Mandel earned five Emmy nominations during his career, winning twice: in 1968 for his work on an installment of CBS Playhouse and in 2001 for penning the BBC-HBO telefilm Conspiracy. For the latter, which starred Kenneth Branagh and Stanley Tucci and examined how the Nazis dealt with "final solution of the Jewish question" during World War II, he received Peabody and BAFTA awards as well.

Mandel adapted Allen Drury's acclaimed 1959 novel Advise and Consent for a play that opened on Broadway in November 1960. Revolving around the contentious approval of a Secretary of State nominee, it ran for 212 performances and starred Ed Begley, Henry Jones, Kevin McCarthy and Barnard Hughes.

Columbia Pictures' 1962 big-screen version, directed by Otto Preminger, was adapted by Wendell Mayes and featured turns by Henry Fonda, Charles Laughton, Don Murray and Walter Pidgeon.

Mandel also served as president of the WGA East in the 1970s, and he was given the guild's Paddy Chayefsky Laurel Award for lifetime contributions to television in 2004.

The son of a doctor, Mandel was born on May 5, 1928, in Chicago. He graduated from the University of Wisconsin at Madison in 1949 and saw duty in the Korean War, then landed a job writing for such CBS anthology programs as Studio One in HollywoodThe Seven Lively Arts and Playhouse 90

In 1959, his "Project Immortality" script for director Fielder Cook and Playhouse 90 got him his first Emmy nom.

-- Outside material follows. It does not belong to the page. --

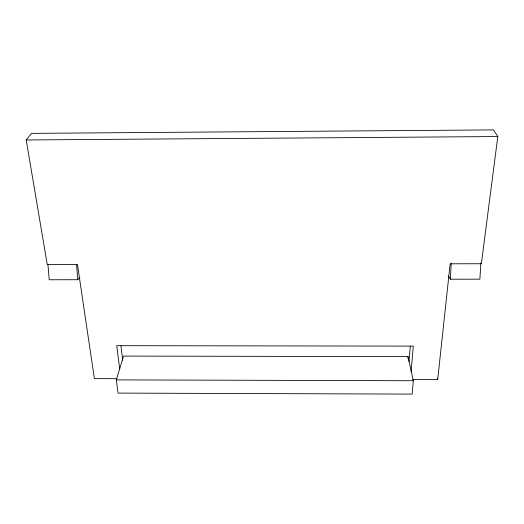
<?xml version="1.0" encoding="UTF-8"?>
<svg xmlns="http://www.w3.org/2000/svg" width="524" height="524" viewBox="0 0 524 524"><rect width="100%" height="100%" fill="white"/><g stroke="black" fill="none" stroke-linecap="round" stroke-linejoin="round"><path stroke-width="0.79" d="M480.868 263.068L479.879 279.181L450.385 279.22L451.216 263.133M407.901 358.239L408.039 356.615L123.553 356.084L116.308 379.893L118.057 393.098L412.139 394.1L413.331 380.745L408.039 356.615M408.969 361.586L410.272 346.266M411.111 371.365L413.318 346.109L116.714 345.683L119.721 369.034M412.807 379.52L437.684 379.592L450.155 263.801L481.373 263.736L497.8 136.548L493.503 129.9L31.499 133.371L26.2 139.967L47.278 264.6L77.46 264.541L94.392 378.623L116.937 378.688M47.966 264.731L49.223 279.764L77.742 279.724L79.89 277.268M26.2 139.967L497.8 136.548M116.308 379.893L413.331 380.745M448.158 275.879L450.385 279.22M437.285 378.066L437.684 379.592M120.952 345.853L122.754 360.198M76.628 264.679L77.742 279.724"/></g></svg>

Mandel also was head writer on the CBS soap opera Love of Life in 1971-72, and he received another Emmy nom in 1975 for writing an installment of the CBS miniseries The Lives of Benjamin Franklin.

His papers, scripts, articles and correspondence are housed at the Wisconsin Center for Film & Theater Research.

"I've been sort of like a loner in this business my whole life," Mandel said in a 2010 chat for the website The Oral History of Television: The Interviews. "I've always found that my own level of interest is what drew me to something. I don't search for things in a given category."

Survivors include his wife, Dorothy, whom he married in 1950; his sister, Charlotte; his sons, Joshua and Alan, and their respective wives, Laura and Ellen; and his granddaughters, Hannah, Eliza and Natalie.

Contributions in his name may be made to HospiceCare in the Berkshires.